The US Internal Revenue Service (IRS) audited the developer to see whether the bond’s tax-exempt status should be revoked, but ruled that the bonds were in compliance.  The lawyer representing the developer apparently said: “the bonds should be allowed to remain tax-exempt because the federal law creating the program only required it to describe the energy efficiency, renewable energy and sustainable design features planned for the project and did not require that the project actually include all of them.”

With the green bonds market swelling up and forecast to triple in size this year, we are also hearing murmurs about greenwashing.  If we have another Syracuse-type situation, how would the law handle it today? 

A number of practicing lawyers representing green bonds issuers and underwriters and legal experts came together recently in New York City to discuss this very topic. The event was hosted by Shearman & Sterling.

We began by asking about the state of play today.  What are lawyers observing in their day-to-day practice?

The first observation, well known to the Climate Bonds blog readers, is that there is no legal definition of green bonds.  When green bonds are issued, usually they are asserted as green with no common legal basis.  We could be looking at nuclear, hydro or geothermal bonds, all with potentially serious climate consequences, and yet their green claims can go unchallenged. Apart from true project bonds, municipal bonds, and bonds issued by international financial institutions (IFIs), ordinary corporate green bonds usually have virtually no legal basis for the green claim:  no ESG (environmental, social and governance) covenants, maintenance or reporting covenants, no green event of default, and no penalty.  The exception to this is that in cases, we are seeing verification upfront and “second opinions”.  The only control we currently have is the Green Bonds Principles, and yet there are no substantive criteria for what’s green in the Principles.

I asked: Do we know of any precedents on false or unfulfilled green promises?  No, the only precedent, if we can call it that, was the Syracuse case mentioned above.  And no one was aware of any cases coming out of impact investing, where investors agree to accept a lower financial return for measurable environmental or social outcomes.  Part of the problem with green promises is that it may be quite difficult for the plaintiff to show actual damages. 

In a series of US cases in multiple States in 2008-2010 the Dr Pepper Snapple Group was sued for misleading consumers by labeling their product sweetened with high-fructose syrup as “natural”. A federal court judge tossed out the law suit with a ruling that the plaintiffs failed to show that they paid more for the “natural” claim.

The Snapple case led us to wonder:  Who will have jurisdiction over excessive or unfulfilled green promises in green bonds? We assume that in the US the SEC has exclusive jurisdiction over securities, which probably meant that the US Federal Trade Commission, for example, would not have jurisdiction. The SEC has been struggling with non-financial disclosure issues, such as disclosure around conflict minerals.  In the future, it undoubtedly will have to deal with more of these issues, such as corporate disclosure of greenhouse gas emissions.  Will it be able to cope? But the more immediate question is: Can a non-financial claim under Section 10(b)(5) generate legal liability?

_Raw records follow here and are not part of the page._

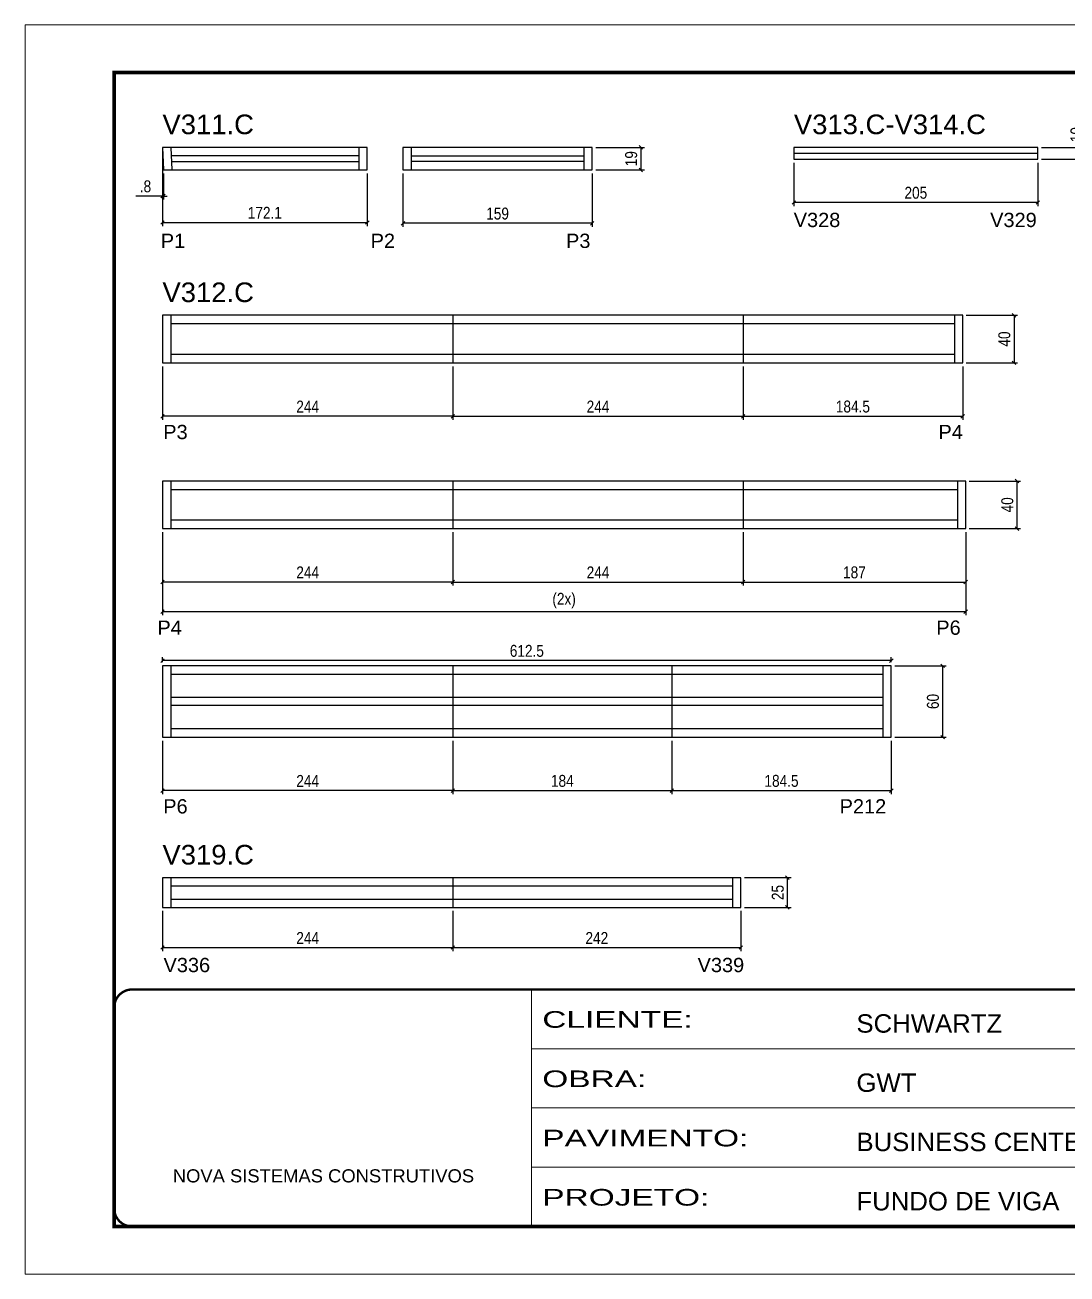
# Model space of a CAD drawing. Extents: x 3245 to 12416, y 917 to 10295.
# Drawn here: x 4844 to 5720, y 7809 to 8859 of the extents above; entities that cross this region are included whole.
import ezdxf

# ---------------------------------------------------------------- set-up
doc = ezdxf.new("R2010")
doc.units = 0
doc.linetypes.add('CONTINUO', pattern=[0])
doc.linetypes.add('DASHED', pattern=[0.75, 0.5, -0.25])
for name, color, linetype in [('5', 5, 'Continuous'), ('COTA', 241, 'Continuous'), ('NOMENCLATURA', 7, 'Continuous'), ('Painéis', 200, 'Continuous'), ('SARR_2.2x20', 80, 'Continuous'), ('SARR_2.2x7', 40, 'Continuous')]:
    doc.layers.add(name, color=color, linetype=linetype)
doc.layers.add('Folhas', color=255, linetype='Continuous', lineweight=9)
doc.layers.add('SARRAFO DE PRESSAO', color=251, linetype='DASHED', lineweight=9)
doc.styles.add('ARIAL', font='arial.ttf')
doc.styles.add('COTA TECNICA-50', font='techl___.ttf', dxfattribs={"height": 10})
doc.styles.get("Standard").update_dxf_attribs({"font": 'arial.ttf'})
doc.styles.add('Tecnologia', font='')
doc.styles.get('Tecnologia').set_extended_font_data('Forgotten Futurist')
doc.dimstyles.new('COTA PAINEL-50', dxfattribs={"dimtxt": 10, "dimasz": 3, "dimexe": 3, "dimexo": 3, "dimgap": 3, "dimtad": 1, "dimdec": 1, "dimzin": 12, "dimdsep": 46, "dimtxsty": 'COTA TECNICA-50', "dimblk1": 'OBLIQUE', "dimblk2": 'OBLIQUE', "dimsah": 1, "dimcen": 0.9, "dimclrd": 4, "dimclre": 4, "dimclrt": 240, "dimadec": 1, "dimazin": 3, "dimtfac": 1, "dimtdec": 1, "dimtmove": 0, "dimatfit": 3, "dimfxl": 1, "dimtolj": 1, "dimtzin": 12, "dimarcsym": 0})

# ---------------------------------------------------------------- blocks, each defined once
blk = doc.blocks.new('9999999999')
at = {"color": 30, "linetype": 'CONTINUO'}
for p, q in [((98564.6, 34230.2), (98564.6, 34429.4)), ((98564.6, 34379.6), (99584, 34379.6)), ((98564.6, 34329.8), (99488, 34329.8)), ((98564.6, 34280), (99488, 34280))]:
    blk.add_line(p, q, dxfattribs=at)
at = {"color": 30, "linetype": 'CONTINUO', "const_width": 2}
blk.add_lwpolyline([(99584, 34230.2), (99584, 34414.4, 0.414214), (99569, 34429.4), (98229, 34429.4, 0.414214), (98214, 34414.4), (98214, 34245.2, 0.414214), (98229, 34230.2), (99584, 34230.2)], format="xyb", dxfattribs=at)
at = {"layer": 'Folhas'}
blk.add_lwpolyline([(98139, 34190.2), (99624, 34190.2), (99624, 35240.2), (98139, 35240.2)], close=True, dxfattribs=at)
at = {"layer": 'Folhas', "color": 30, "const_width": 3}
blk.add_lwpolyline([(98214, 34230.2), (99584, 34230.2), (99584, 35200.2), (98214, 35200.2)], close=True, dxfattribs=at)
at = {"color": 7, "linetype": 'Continuous', "ltscale": 5, "style": 'ARIAL'}
for s, height, p in [('SCHWARTZ', 15.48, (98837.7, 34393.1)), ('GWT', 15.48, (98837.7, 34343.3)), ('BUSINESS CENTER E LAZER - PROJEÇÃO', 15.483, (98837.7, 34293.5)), ('NOVA SISTEMAS CONSTRUTIVOS', 11.059, (98263.2, 34267.2)), ('FUNDO DE VIGA', 15.483, (98837.7, 34243.7))]:
    blk.add_text(s, height=height, dxfattribs=at).set_placement(p)
at = {"layer": 'Folhas', "color": 7, "style": 'Tecnologia', "width": 1.5}
for s, p in [('CLIENTE:', (98573.7, 34397.2)), ('OBRA:', (98573.7, 34347.3)), ('PAVIMENTO:', (98573.7, 34297.5)), ('PROJETO:', (98573.7, 34247.7))]:
    blk.add_text(s, height=14, dxfattribs=at).set_placement(p)
blk = doc.blocks.new('_Oblique')
at = {"color": 0, "linetype": 'ByBlock', "lineweight": -2}
blk.add_line((-0.5, -0.5), (0.5, 0.5), dxfattribs=at)
blk = doc.blocks.new('*D273')
at = {"layer": 'COTA', "color": 4, "linetype": 'ByBlock', "lineweight": -2, "transparency": 16777216}
for p, q in [((4959.4, 8752.8), (4959.4, 8689.7)), ((5131.5, 8733.8), (5131.5, 8689.7)), ((4959.4, 8692.7), (5131.5, 8692.7))]:
    blk.add_line(p, q, dxfattribs=at)
at = {"layer": 'Defpoints', "color": 0, "linetype": 'ByBlock', "transparency": 16777216}
for p in [(4959.4, 8755.8), (5131.5, 8736.8), (5131.5, 8692.7)]:
    blk.add_point(p, dxfattribs=at)
at = {"layer": 'COTA', "color": 4, "linetype": 'ByBlock', "lineweight": -2, "transparency": 16777216, "xscale": 3, "yscale": 3, "zscale": 3, "rotation": 180}
blk.add_blockref('_Oblique', (4959.4, 8692.7), dxfattribs=at)
at = {"layer": 'COTA', "color": 4, "linetype": 'ByBlock', "lineweight": -2, "transparency": 16777216, "xscale": 3, "yscale": 3, "zscale": 3}
blk.add_blockref('_Oblique', (5131.5, 8692.7), dxfattribs=at)
at = {"layer": 'COTA', "color": 240, "linetype": 'ByBlock', "transparency": 16777216, "insert": (5045.4, 8700.8), "char_height": 10, "attachment_point": 5, "style": 'COTA TECNICA-50'}
blk.add_mtext('\\A1;172.1', dxfattribs=at)
blk = doc.blocks.new('*D274')
at = {"layer": 'COTA', "color": 4, "linetype": 'ByBlock', "lineweight": -2, "transparency": 16777216}
for p, q in [((4959.4, 8752.8), (4959.4, 8711.9)), ((4960.2, 8733.8), (4960.2, 8711.9)), ((4959.4, 8714.9), (4936.9, 8714.9)), ((4960.2, 8714.9), (4959.4, 8714.9)), ((4960.2, 8714.9), (4963.2, 8714.9))]:
    blk.add_line(p, q, dxfattribs=at)
at = {"layer": 'Defpoints', "color": 0, "linetype": 'ByBlock', "transparency": 16777216}
for p in [(4959.4, 8755.8), (4960.2, 8736.8), (4959.4, 8714.9)]:
    blk.add_point(p, dxfattribs=at)
at = {"layer": 'COTA', "color": 4, "linetype": 'ByBlock', "lineweight": -2, "transparency": 16777216, "xscale": 3, "yscale": 3, "zscale": 3}
blk.add_blockref('_Oblique', (4959.4, 8714.9), dxfattribs=at)
at = {"layer": 'COTA', "color": 4, "linetype": 'ByBlock', "lineweight": -2, "transparency": 16777216, "xscale": 3, "yscale": 3, "zscale": 3, "rotation": 180}
blk.add_blockref('_Oblique', (4960.2, 8714.9), dxfattribs=at)
at = {"layer": 'COTA', "color": 240, "linetype": 'ByBlock', "transparency": 16777216, "insert": (4945.1, 8723), "char_height": 10, "attachment_point": 5, "style": 'COTA TECNICA-50'}
blk.add_mtext('\\A1;.8', dxfattribs=at)
blk = doc.blocks.new('*D275')
at = {"layer": 'COTA', "color": 4, "linetype": 'ByBlock', "lineweight": -2, "transparency": 16777216}
for p, q in [((5161.5, 8733.8), (5161.5, 8689)), ((5320.5, 8733.8), (5320.5, 8689)), ((5320.5, 8692), (5161.5, 8692))]:
    blk.add_line(p, q, dxfattribs=at)
at = {"layer": 'Defpoints', "color": 0, "linetype": 'ByBlock', "transparency": 16777216}
for p in [(5161.5, 8736.8), (5320.5, 8736.8), (5161.5, 8692)]:
    blk.add_point(p, dxfattribs=at)
at = {"layer": 'COTA', "color": 4, "linetype": 'ByBlock', "lineweight": -2, "transparency": 16777216, "xscale": 3, "yscale": 3, "zscale": 3, "rotation": 180}
blk.add_blockref('_Oblique', (5161.5, 8692), dxfattribs=at)
at = {"layer": 'COTA', "color": 4, "linetype": 'ByBlock', "lineweight": -2, "transparency": 16777216, "xscale": 3, "yscale": 3, "zscale": 3}
blk.add_blockref('_Oblique', (5320.5, 8692), dxfattribs=at)
at = {"layer": 'COTA', "color": 240, "linetype": 'ByBlock', "transparency": 16777216, "insert": (5241, 8700.1), "char_height": 10, "attachment_point": 5, "style": 'COTA TECNICA-50'}
blk.add_mtext('\\A1;159', dxfattribs=at)
blk = doc.blocks.new('*D276')
at = {"layer": 'COTA', "color": 4, "linetype": 'ByBlock', "lineweight": -2, "transparency": 16777216}
for p, q in [((5323.5, 8755.8), (5364.4, 8755.8)), ((5361.4, 8755.8), (5361.4, 8736.8)), ((5323.5, 8736.8), (5364.4, 8736.8))]:
    blk.add_line(p, q, dxfattribs=at)
at = {"layer": 'Defpoints', "color": 0, "linetype": 'ByBlock', "transparency": 16777216}
for p in [(5320.5, 8755.8), (5320.5, 8736.8), (5361.4, 8736.8)]:
    blk.add_point(p, dxfattribs=at)
at = {"layer": 'COTA', "color": 4, "linetype": 'ByBlock', "lineweight": -2, "transparency": 16777216, "xscale": 3, "yscale": 3, "zscale": 3}
for p, rotation in [((5361.4, 8755.8), 90), ((5361.4, 8736.8), 270)]:
    blk.add_blockref('_Oblique', p, dxfattribs=dict(at, rotation=rotation))
at = {"layer": 'COTA', "color": 240, "linetype": 'ByBlock', "transparency": 16777216, "insert": (5353.3, 8746.3), "char_height": 10, "attachment_point": 5, "rotation": 90, "style": 'COTA TECNICA-50'}
blk.add_mtext('\\A1;19', dxfattribs=at)
blk = doc.blocks.new('*D239')
at = {"layer": 'COTA', "color": 4, "linetype": 'ByBlock', "lineweight": -2, "transparency": 16777216}
for p, q in [((4959.4, 8571.7), (4959.4, 8526.8)), ((5203.4, 8571.7), (5203.4, 8526.8)), ((5203.4, 8529.8), (4959.4, 8529.8))]:
    blk.add_line(p, q, dxfattribs=at)
at = {"layer": 'Defpoints', "color": 0, "linetype": 'ByBlock', "transparency": 16777216}
for p in [(4959.4, 8574.7), (5203.4, 8574.7), (4959.4, 8529.8)]:
    blk.add_point(p, dxfattribs=at)
at = {"layer": 'COTA', "color": 4, "linetype": 'ByBlock', "lineweight": -2, "transparency": 16777216, "xscale": 3, "yscale": 3, "zscale": 3, "rotation": 180}
blk.add_blockref('_Oblique', (4959.4, 8529.8), dxfattribs=at)
at = {"layer": 'COTA', "color": 4, "linetype": 'ByBlock', "lineweight": -2, "transparency": 16777216, "xscale": 3, "yscale": 3, "zscale": 3}
blk.add_blockref('_Oblique', (5203.4, 8529.8), dxfattribs=at)
at = {"layer": 'COTA', "color": 240, "linetype": 'ByBlock', "transparency": 16777216, "insert": (5081.4, 8537.9), "char_height": 10, "attachment_point": 5, "style": 'COTA TECNICA-50'}
blk.add_mtext('\\A1;244', dxfattribs=at)
blk = doc.blocks.new('*D277')
at = {"layer": 'COTA', "color": 4, "linetype": 'ByBlock', "lineweight": -2, "transparency": 16777216}
for p, q in [((5203.4, 8571.7), (5203.4, 8526.8)), ((5447.4, 8571.7), (5447.4, 8526.8)), ((5203.4, 8529.8), (5447.4, 8529.8))]:
    blk.add_line(p, q, dxfattribs=at)
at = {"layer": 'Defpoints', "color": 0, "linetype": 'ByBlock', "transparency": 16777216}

Investors are pulling the green bonds market, and pension funds are among the more active purchasers of green bonds.  Are they not in a position to demand the greening of green bonds? 

Some lawyers at the meeting observed that they will go for green provided that the financial return is there; if the bonds’ financial performance is consistent, they probably would not mind too much even if green performance is lacking. The flip side is that investors are not likely to accept a lower rate of return on account of green due diligence that would cost 5 to 15 basis points.  But do they not have to be educated on the best practices in order to make informed investment decisions?

What best practices are lawyers observing, then?  Nearly everyone agreed that adherence to some kind of third party green standards or third party certification under those standards would constitute good practice.  In addition, periodic reporting on green performance would be useful.  So why can’t the issuer bundle green reporting into its required annual reporting? This will help grow the secondary market for green bonds, which is limited right now. Investors are holding on to their green investments, but without an ongoing reporting framework, can a secondary market develop?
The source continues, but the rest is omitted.